In our situation, we can show that the qualified business income from qualified trade or business is 0, as follows:
Qualified business income is the net amount of qualified items of income, gain, deduction, and loss with respect to any qualified trade or business. IRC §199A(c)(1).
Qualified items of income, gain, deduction, and loss is items of income, gain, deduction, and loss to the extent that they are effectively connected with a trade or business within the US and included in determining taxable income. IRC §199A(c)(3)(A).

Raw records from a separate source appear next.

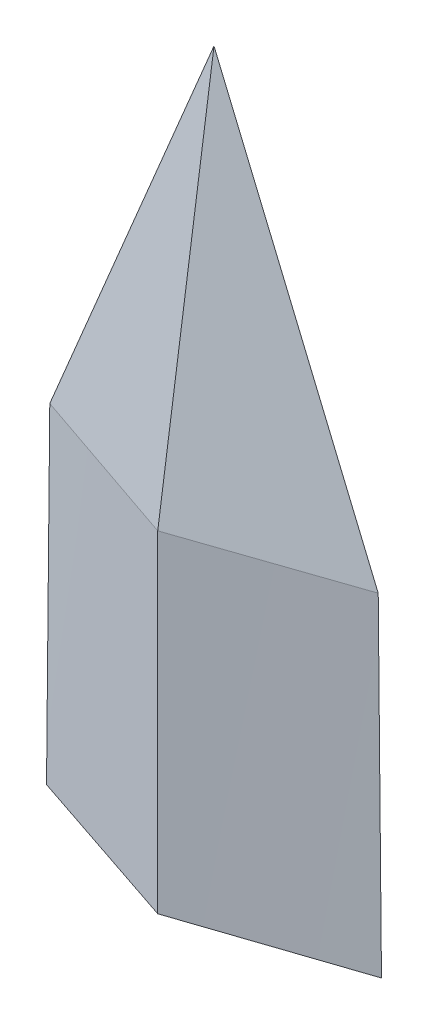
ISO-10303-21;
HEADER;
FILE_DESCRIPTION(('STEP AP214'),'2;1');
FILE_NAME('part.step','',(''),(''),'','','');
FILE_SCHEMA(('AUTOMOTIVE_DESIGN { 1 0 10303 214 1 1 1 1 }'));
ENDSEC;
DATA;
#1=APPLICATION_CONTEXT('core data for automotive mechanical design processes');
#2=APPLICATION_PROTOCOL_DEFINITION('international standard','automotive_design',2000,#1);
#3=PRODUCT_CONTEXT('',#1,'mechanical');
#4=PRODUCT('Part','Part','',(#3));
#5=PRODUCT_RELATED_PRODUCT_CATEGORY('part','',(#4));
#6=PRODUCT_DEFINITION_FORMATION('','',#4);
#7=PRODUCT_DEFINITION_CONTEXT('part definition',#1,'design');
#8=PRODUCT_DEFINITION('design','',#6,#7);
#9=PRODUCT_DEFINITION_SHAPE('','',#8);
#10=(LENGTH_UNIT() NAMED_UNIT(*) SI_UNIT(.MILLI.,.METRE.));
#11=(NAMED_UNIT(*) PLANE_ANGLE_UNIT() SI_UNIT($,.RADIAN.));
#12=(NAMED_UNIT(*) SI_UNIT($,.STERADIAN.) SOLID_ANGLE_UNIT());
#13=UNCERTAINTY_MEASURE_WITH_UNIT(LENGTH_MEASURE(1.E-05),#10,'distance_accuracy_value','');
#14=(GEOMETRIC_REPRESENTATION_CONTEXT(3) GLOBAL_UNCERTAINTY_ASSIGNED_CONTEXT((#13)) GLOBAL_UNIT_ASSIGNED_CONTEXT((#10,
#11,#12)) REPRESENTATION_CONTEXT('',''));
#15=CARTESIAN_POINT('',(0.,0.,0.));
#16=DIRECTION('',(0.,0.,1.));
#17=DIRECTION('',(1.,0.,0.));
#18=AXIS2_PLACEMENT_3D('',#15,#16,#17);
#19=CARTESIAN_POINT('',(-32.1030984066137,13.457832355646,-93.6987043311591));
#20=DIRECTION('',(-0.321172823266874,0.13463778349272,-0.937401026696127));
#21=DIRECTION('',(0.946014601230734,0.,-0.3241240106167));
#22=AXIS2_PLACEMENT_3D('',#19,#20,#21);
#23=PLANE('',#22);
#24=DIRECTION('',(0.386610447032503,0.922243114501447,0.));
#25=VECTOR('',#24,1.);
#26=CARTESIAN_POINT('',(181.068628680817,1174.33721565241,0.));
#27=LINE('',#26,#25);
#28=CARTESIAN_POINT('',(148.634785732328,1096.96763455169,0.));
#29=VERTEX_POINT('',#28);
#30=CARTESIAN_POINT('',(181.068628680818,1174.33721565241,0.));
#31=VERTEX_POINT('',#30);
#32=EDGE_CURVE('E257',#29,#31,#27,.T.);
#33=ORIENTED_EDGE('',*,*,#32,.T.);
#34=DIRECTION('',(0.,-0.989842276180155,-0.14216985716561));
#35=VECTOR('',#34,1.);
#36=CARTESIAN_POINT('',(181.068628680818,23.7360188615762,-165.259467835217));
#37=LINE('',#36,#35);
#38=CARTESIAN_POINT('',(181.068628680817,1096.96763455169,-11.1125));
#39=VERTEX_POINT('',#38);
#40=EDGE_CURVE('E12',#31,#39,#37,.T.);
#41=ORIENTED_EDGE('',*,*,#40,.T.);
#42=DIRECTION('',(-0.946014601230734,0.,0.3241240106167));
#43=VECTOR('',#42,1.);
#44=CARTESIAN_POINT('',(181.068628680817,1096.96763455169,-11.1125));
#45=LINE('',#44,#43);
#46=EDGE_CURVE('E125',#39,#29,#45,.T.);
#47=ORIENTED_EDGE('',*,*,#46,.T.);
#48=EDGE_LOOP('',(#33,#41,#47));
#49=FACE_BOUND('',#48,.T.);
#50=ADVANCED_FACE('F61',(#49),#23,.T.);
#51=CARTESIAN_POINT('',(-32.1030984066137,13.457832355646,93.6987043311591));
#52=DIRECTION('',(-0.321172823266874,0.13463778349272,0.937401026696127));
#53=DIRECTION('',(0.946014601230734,0.,0.3241240106167));
#54=AXIS2_PLACEMENT_3D('',#51,#52,#53);
#55=PLANE('',#54);
#56=DIRECTION('',(-0.946014601230734,0.,-0.3241240106167));
#57=VECTOR('',#56,1.);
#58=CARTESIAN_POINT('',(181.068628680817,1096.96763455169,11.1125));
#59=LINE('',#58,#57);
#60=CARTESIAN_POINT('',(181.068628680818,1096.96763455169,11.1125));
#61=VERTEX_POINT('',#60);
#62=EDGE_CURVE('E130',#61,#29,#59,.T.);
#63=ORIENTED_EDGE('',*,*,#62,.F.);
#64=DIRECTION('',(0.,0.989842276180155,-0.14216985716561));
#65=VECTOR('',#64,1.);
#66=CARTESIAN_POINT('',(181.068628680818,23.7360188615762,165.259467835217));
#67=LINE('',#66,#65);
#68=EDGE_CURVE('E74',#61,#31,#67,.T.);
#69=ORIENTED_EDGE('',*,*,#68,.T.);
#70=ORIENTED_EDGE('',*,*,#32,.F.);
#71=EDGE_LOOP('',(#63,#69,#70));
#72=FACE_BOUND('',#71,.T.);
#73=ADVANCED_FACE('F232',(#72),#55,.T.);
#74=CARTESIAN_POINT('',(219.716026671538,465.168027231046,0.));
#75=CARTESIAN_POINT('',(213.502471629307,1096.96763455169,0.));
#76=CARTESIAN_POINT('',(213.274793673085,465.168027231046,1.85208333333331));
#77=CARTESIAN_POINT('',(208.096831137892,1096.96763455169,1.85208333333331));
#78=CARTESIAN_POINT('',(206.833560674631,465.168027231046,3.70416666666664));
#79=CARTESIAN_POINT('',(202.691190646477,1096.96763455169,3.70416666666663));
#80=CARTESIAN_POINT('',(193.951094677724,465.168027231046,7.4083333333333));
#81=CARTESIAN_POINT('',(191.879909663647,1096.96763455169,7.4083333333333));
#82=CARTESIAN_POINT('',(187.509861679271,465.168027231046,9.26041666666665));
#83=CARTESIAN_POINT('',(186.474269172232,1096.96763455169,9.26041666666665));
#84=CARTESIAN_POINT('',(181.068628680817,465.168027231046,11.1125));
#85=CARTESIAN_POINT('',(181.068628680817,1096.96763455169,11.1125));
#86=B_SPLINE_SURFACE_WITH_KNOTS('',3,1,((#74,#75),(#76,#77),(#78,#79),(#80,#81),(#82,#83),(#84,
#85)),.UNSPECIFIED.,.F.,.F.,.F.,(4,2,4),(2,2),(0.,0.5,1.),(0.,1.),.UNSPECIFIED.);
#87=DIRECTION('',(0.,1.,0.));
#88=VECTOR('',#87,1.);
#89=CARTESIAN_POINT('',(181.068628680817,781.067830891368,11.1125));
#90=LINE('',#89,#88);
#91=CARTESIAN_POINT('',(181.068628680817,1031.46221565241,11.1125));
#92=VERTEX_POINT('',#91);
#93=EDGE_CURVE('E68',#92,#61,#90,.T.);
#94=CARTESIAN_POINT('',(181.068628680817,1031.46221565241,11.1125));
#95=CARTESIAN_POINT('',(184.245268499691,1031.46221565241,10.0453152621779));
#96=CARTESIAN_POINT('',(187.421908318565,1031.46221565241,8.97813052435588));
#97=CARTESIAN_POINT('',(193.775187956312,1031.46221565241,6.84376104871176));
#98=CARTESIAN_POINT('',(196.951827775186,1031.46221565241,5.7765763108897));
#99=CARTESIAN_POINT('',(204.801210829439,1031.46221565241,3.13959438204509));
#100=CARTESIAN_POINT('',(209.473954064819,1031.46221565241,1.56979719102255));
#101=CARTESIAN_POINT('',(214.146697300198,1031.46221565241,0.));
#102=B_SPLINE_CURVE_WITH_KNOTS('',3,(#94,#95,#96,#97,#98,#99,#100,#101),.UNSPECIFIED.,.F.,.F.,
(4,2,2,4),(0.,10.0533235415682,20.1066470831363,34.8947887203586),.UNSPECIFIED.);
#103=CARTESIAN_POINT('',(214.146697300198,1031.46221565241,0.));
#104=VERTEX_POINT('',#103);
#105=EDGE_CURVE('E203',#92,#104,#102,.T.);
#106=DIRECTION('',(-0.00983421721197636,0.99995164291671,0.));
#107=VECTOR('',#106,1.);
#108=CARTESIAN_POINT('',(219.716026671538,465.168027231046,0.));
#109=LINE('',#108,#107);
#110=CARTESIAN_POINT('',(213.502471629307,1096.96763455169,0.));
#111=VERTEX_POINT('',#110);
#112=EDGE_CURVE('E120',#104,#111,#109,.T.);
#113=DIRECTION('',(-0.946014601230734,0.,0.3241240106167));
#114=VECTOR('',#113,1.);
#115=CARTESIAN_POINT('',(213.502471629307,1096.96763455169,0.));
#116=LINE('',#115,#114);
#117=EDGE_CURVE('E127',#111,#61,#116,.T.);
#118=ORIENTED_EDGE('',*,*,#93,.F.);
#119=ORIENTED_EDGE('',*,*,#105,.T.);
#120=ORIENTED_EDGE('',*,*,#112,.T.);
#121=ORIENTED_EDGE('',*,*,#117,.T.);
#122=EDGE_LOOP('',(#118,#119,#120,#121));
#123=FACE_BOUND('',#122,.T.);
#124=ADVANCED_FACE('F165',(#123),#86,.F.);
#125=CARTESIAN_POINT('',(181.068628680817,465.168027231046,11.1125));
#126=CARTESIAN_POINT('',(181.068628680817,1096.96763455169,11.1125));
#127=CARTESIAN_POINT('',(174.627395682364,465.168027231046,9.26041666666668));
#128=CARTESIAN_POINT('',(175.662988189402,1096.96763455169,9.26041666666663));
#129=CARTESIAN_POINT('',(168.186162683911,465.168027231046,7.40833333333335));
#130=CARTESIAN_POINT('',(170.257347697988,1096.96763455169,7.40833333333328));
#131=CARTESIAN_POINT('',(155.303696687004,465.168027231046,3.70416666666668));
#132=CARTESIAN_POINT('',(159.446066715158,1096.96763455169,3.70416666666661));
#133=CARTESIAN_POINT('',(148.86246368855,465.168027231046,1.85208333333334));
#134=CARTESIAN_POINT('',(154.040426223743,1096.96763455169,1.8520833333333));
#135=CARTESIAN_POINT('',(142.421230690097,465.168027231046,0.));
#136=CARTESIAN_POINT('',(148.634785732328,1096.96763455169,0.));
#137=B_SPLINE_SURFACE_WITH_KNOTS('',3,1,((#125,#126),(#127,#128),(#129,#130),(#131,#132),(#133,
#134),(#135,#136)),.UNSPECIFIED.,.F.,.F.,.F.,(4,2,4),(2,2),(0.,0.5,1.),(0.,1.),.UNSPECIFIED.);
#138=DIRECTION('',(0.00983421721197636,0.99995164291671,0.));
#139=VECTOR('',#138,1.);
#140=CARTESIAN_POINT('',(145.528008211213,781.067830891368,0.));
#141=LINE('',#140,#139);
#142=CARTESIAN_POINT('',(147.990560061437,1031.46221565241,0.));
#143=VERTEX_POINT('',#142);
#144=EDGE_CURVE('E136',#143,#29,#141,.T.);
#145=CARTESIAN_POINT('',(147.990560061437,1031.46221565241,0.));
#146=CARTESIAN_POINT('',(151.16719988031,1031.46221565241,1.06718473782206));
#147=CARTESIAN_POINT('',(154.343839699184,1031.46221565241,2.13436947564412));
#148=CARTESIAN_POINT('',(160.697119336932,1031.46221565241,4.26873895128824));
#149=CARTESIAN_POINT('',(163.873759155805,1031.46221565241,5.3359236891103));
#150=CARTESIAN_POINT('',(171.723142210058,1031.46221565241,7.9729056179549));
#151=CARTESIAN_POINT('',(176.395885445438,1031.46221565241,9.54270280897745));
#152=CARTESIAN_POINT('',(181.068628680817,1031.46221565241,11.1125));
#153=B_SPLINE_CURVE_WITH_KNOTS('',3,(#145,#146,#147,#148,#149,#150,#151,#152),.UNSPECIFIED.,.F.,
.F.,(4,2,2,4),(0.,10.0533235415682,20.1066470831363,34.8947887203586),.UNSPECIFIED.);
#154=EDGE_CURVE('E82',#143,#92,#153,.T.);
#155=ORIENTED_EDGE('',*,*,#144,.F.);
#156=ORIENTED_EDGE('',*,*,#154,.T.);
#157=ORIENTED_EDGE('',*,*,#93,.T.);
#158=ORIENTED_EDGE('',*,*,#62,.T.);
#159=EDGE_LOOP('',(#155,#156,#157,#158));
#160=FACE_BOUND('',#159,.T.);
#161=ADVANCED_FACE('F63',(#160),#137,.F.);
#162=CARTESIAN_POINT('',(219.716026671538,465.168027231046,0.));
#163=CARTESIAN_POINT('',(213.502471629307,1096.96763455169,0.));
#164=CARTESIAN_POINT('',(213.274793673085,465.168027231046,-1.85208333333331));
#165=CARTESIAN_POINT('',(208.096831137892,1096.96763455169,-1.85208333333331));
#166=CARTESIAN_POINT('',(206.833560674631,465.168027231046,-3.70416666666664));
#167=CARTESIAN_POINT('',(202.691190646477,1096.96763455169,-3.70416666666663));
#168=CARTESIAN_POINT('',(193.951094677724,465.168027231046,-7.4083333333333));
#169=CARTESIAN_POINT('',(191.879909663647,1096.96763455169,-7.4083333333333));
#170=CARTESIAN_POINT('',(187.509861679271,465.168027231046,-9.26041666666665));
#171=CARTESIAN_POINT('',(186.474269172232,1096.96763455169,-9.26041666666665));
#172=CARTESIAN_POINT('',(181.068628680817,465.168027231046,-11.1125));
#173=CARTESIAN_POINT('',(181.068628680817,1096.96763455169,-11.1125));
#174=B_SPLINE_SURFACE_WITH_KNOTS('',3,1,((#162,#163),(#164,#165),(#166,#167),(#168,#169),(#170,
#171),(#172,#173)),.UNSPECIFIED.,.F.,.F.,.F.,(4,2,4),(2,2),(0.,0.5,1.),(0.,1.),.UNSPECIFIED.);
#175=CARTESIAN_POINT('',(214.146697300198,1031.46221565241,0.));
#176=CARTESIAN_POINT('',(210.970057481325,1031.46221565241,-1.06718473782206));
#177=CARTESIAN_POINT('',(207.793417662451,1031.46221565241,-2.13436947564412));
#178=CARTESIAN_POINT('',(201.440138024703,1031.46221565241,-4.26873895128824));
#179=CARTESIAN_POINT('',(198.26349820583,1031.46221565241,-5.3359236891103));
#180=CARTESIAN_POINT('',(190.414115151577,1031.46221565241,-7.9729056179549));
#181=CARTESIAN_POINT('',(185.741371916197,1031.46221565241,-9.54270280897745));
#182=CARTESIAN_POINT('',(181.068628680817,1031.46221565241,-11.1125));
#183=B_SPLINE_CURVE_WITH_KNOTS('',3,(#175,#176,#177,#178,#179,#180,#181,#182),.UNSPECIFIED.,.F.,
.F.,(4,2,2,4),(0.,10.0533235415682,20.1066470831363,34.8947887203586),.UNSPECIFIED.);
#184=CARTESIAN_POINT('',(181.068628680817,1031.46221565241,-11.1125));
#185=VERTEX_POINT('',#184);
#186=EDGE_CURVE('E112',#104,#185,#183,.T.);
#187=DIRECTION('',(0.,1.,0.));
#188=VECTOR('',#187,1.);
#189=CARTESIAN_POINT('',(181.068628680817,781.067830891368,-11.1125));
#190=LINE('',#189,#188);
#191=EDGE_CURVE('E90',#185,#39,#190,.T.);
#192=DIRECTION('',(-0.946014601230734,0.,-0.3241240106167));
#193=VECTOR('',#192,1.);
#194=CARTESIAN_POINT('',(213.502471629307,1096.96763455169,0.));
#195=LINE('',#194,#193);
#196=EDGE_CURVE('E132',#111,#39,#195,.T.);
#197=ORIENTED_EDGE('',*,*,#112,.F.);
#198=ORIENTED_EDGE('',*,*,#186,.T.);
#199=ORIENTED_EDGE('',*,*,#191,.T.);
#200=ORIENTED_EDGE('',*,*,#196,.F.);
#201=EDGE_LOOP('',(#197,#198,#199,#200));
#202=FACE_BOUND('',#201,.T.);
#203=ADVANCED_FACE('F119',(#202),#174,.T.);
#204=CARTESIAN_POINT('',(181.068628680817,465.168027231046,-11.1125));
#205=CARTESIAN_POINT('',(181.068628680817,1096.96763455169,-11.1125));
#206=CARTESIAN_POINT('',(174.627395682364,465.168027231046,-9.26041666666668));
#207=CARTESIAN_POINT('',(175.662988189402,1096.96763455169,-9.26041666666663));
#208=CARTESIAN_POINT('',(168.186162683911,465.168027231046,-7.40833333333335));
#209=CARTESIAN_POINT('',(170.257347697988,1096.96763455169,-7.40833333333328));
#210=CARTESIAN_POINT('',(155.303696687004,465.168027231046,-3.70416666666668));
#211=CARTESIAN_POINT('',(159.446066715158,1096.96763455169,-3.70416666666661));
#212=CARTESIAN_POINT('',(148.86246368855,465.168027231046,-1.85208333333334));
#213=CARTESIAN_POINT('',(154.040426223743,1096.96763455169,-1.8520833333333));
#214=CARTESIAN_POINT('',(142.421230690097,465.168027231046,0.));
#215=CARTESIAN_POINT('',(148.634785732328,1096.96763455169,0.));
#216=B_SPLINE_SURFACE_WITH_KNOTS('',3,1,((#204,#205),(#206,#207),(#208,#209),(#210,#211),(#212,
#213),(#214,#215)),.UNSPECIFIED.,.F.,.F.,.F.,(4,2,4),(2,2),(0.,0.5,1.),(0.,1.),.UNSPECIFIED.);
#217=CARTESIAN_POINT('',(181.068628680817,1031.46221565241,-11.1125));
#218=CARTESIAN_POINT('',(177.891988861944,1031.46221565241,-10.0453152621779));
#219=CARTESIAN_POINT('',(174.71534904307,1031.46221565241,-8.97813052435588));
#220=CARTESIAN_POINT('',(168.362069405323,1031.46221565241,-6.84376104871176));
#221=CARTESIAN_POINT('',(165.185429586449,1031.46221565241,-5.7765763108897));
#222=CARTESIAN_POINT('',(157.336046532196,1031.46221565241,-3.13959438204508));
#223=CARTESIAN_POINT('',(152.663303296816,1031.46221565241,-1.56979719102253));
#224=CARTESIAN_POINT('',(147.990560061437,1031.46221565241,0.));
#225=B_SPLINE_CURVE_WITH_KNOTS('',3,(#217,#218,#219,#220,#221,#222,#223,#224),.UNSPECIFIED.,.F.,
.F.,(4,2,2,4),(0.,10.0533235415682,20.1066470831363,34.8947887203586),.UNSPECIFIED.);
#226=EDGE_CURVE('E110',#185,#143,#225,.T.);
#227=ORIENTED_EDGE('',*,*,#191,.F.);
#228=ORIENTED_EDGE('',*,*,#226,.T.);
#229=ORIENTED_EDGE('',*,*,#144,.T.);
#230=ORIENTED_EDGE('',*,*,#46,.F.);
#231=EDGE_LOOP('',(#227,#228,#229,#230));
#232=FACE_BOUND('',#231,.T.);
#233=ADVANCED_FACE('F123',(#232),#216,.T.);
#234=CARTESIAN_POINT('',(69.4582744062542,29.1173705675479,202.726547902408));
#235=DIRECTION('',(0.321172823266876,0.13463778349272,0.937401026696127));
#236=DIRECTION('',(0.946014601230734,0.,-0.324124010616702));
#237=AXIS2_PLACEMENT_3D('',#234,#235,#236);
#238=PLANE('',#237);
#239=ORIENTED_EDGE('',*,*,#68,.F.);
#240=ORIENTED_EDGE('',*,*,#117,.F.);
#241=DIRECTION('',(0.386610447032503,-0.922243114501447,0.));
#242=VECTOR('',#241,1.);
#243=CARTESIAN_POINT('',(213.502471629307,1096.96763455169,0.));
#244=LINE('',#243,#242);
#245=EDGE_CURVE('E211',#31,#111,#244,.T.);
#246=ORIENTED_EDGE('',*,*,#245,.F.);
#247=EDGE_LOOP('',(#239,#240,#246));
#248=FACE_BOUND('',#247,.T.);
#249=ADVANCED_FACE('F160',(#248),#238,.T.);
#250=CARTESIAN_POINT('',(69.4582744062542,29.1173705675479,-202.726547902408));
#251=DIRECTION('',(0.321172823266876,0.13463778349272,-0.937401026696127));
#252=DIRECTION('',(0.946014601230734,0.,0.324124010616702));
#253=AXIS2_PLACEMENT_3D('',#250,#251,#252);
#254=PLANE('',#253);
#255=ORIENTED_EDGE('',*,*,#196,.T.);
#256=ORIENTED_EDGE('',*,*,#40,.F.);
#257=ORIENTED_EDGE('',*,*,#245,.T.);
#258=EDGE_LOOP('',(#255,#256,#257));
#259=FACE_BOUND('',#258,.T.);
#260=ADVANCED_FACE('F191',(#259),#254,.T.);
#261=CARTESIAN_POINT('',(0.,1031.46221565241,-11.1126));
#262=DIRECTION('',(0.,1.,0.));
#263=DIRECTION('',(0.,0.,1.));
#264=AXIS2_PLACEMENT_3D('',#261,#262,#263);
#265=PLANE('',#264);
#266=CARTESIAN_POINT('',(193.768628680817,1031.46221565241,0.));
#267=DIRECTION('',(0.,-1.,0.));
#268=DIRECTION('',(0.,0.,-1.));
#269=AXIS2_PLACEMENT_3D('',#266,#267,#268);
#270=CIRCLE('',#269,1.58749999999999);
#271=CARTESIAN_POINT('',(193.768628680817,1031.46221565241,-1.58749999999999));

To be qualified business income, it must be effectively connected with a US trade or business. Here, we have a US LLC. But all its employees are in Israel and work in Israel. The business develops software and sells or licenses them from Israel. There might be US source income–royalties collected from the US, for example–, but the income would not be effectively connected with a US trade or business, because there is no activity that takes place in the US.
This means qualified business income is 0. What happens now?
Combined qualified business income amount = min(0.2 x 0, another non-negative number) = 0
Passthrough deduction = min(0, 0.2 x taxable income) = 0
Because this business operates in Israel, there is no pass through deduction. The full amount is taxable in the US at ordinary income tax rates. This is a problem for essentially any US citizen who lives abroad and owns a business abroad: If the business is conducted abroad, then the US citizen does not get the pass through deduction.
Here is how the income tax works. I am going to exclude the $100,000 of salary from this calculation, even though it is part of the US citizen’s passthrough income, because the GILTI rules did not account for the tax on the salary.
Under the passthrough scenario, the US tax is about $108,000 of income tax and about $25,500 of self-employment tax out of $300,000 of profits, or 44%. There is no additional tax to take the profits out of the LLC, because it is a passthrough entity in both the US and Israel.
What about the Israeli income tax and the foreign tax credit? I am not sure how the Israeli tax works for this type of entity, so I cannot show a calculation, but we can make some observations.
First, the foreign tax credit cannot reduce tax liability below 0, so the combined income tax between Israel and the US cannot be lower than the US income tax.
Second, the US and Israel do not have a social security totalization agreement, so the US citizen cannot avoid the self-employment tax. He may need to pay Israeli social insurance tax in addition to the US self-employment tax.
Third, the self-employment tax is not available as a tax credit against income tax, so that $25,500 of self-employment tax will be there regardless of how the foreign tax credit works.
The US tax calculated (44% of the profits) thus represents the minimum effective tax rate.
What is the best result? From purely a tax perspective, the corporate rate election appears to be the best choice by a significant margin: The annual tax cost is much lower than the other options, and the total tax to get profits in hand is not much higher. But there will be higher accounting costs, and you will need to spend more time each year becoming friends with your accountant. I leave you to judge whether that is worth the tax savings.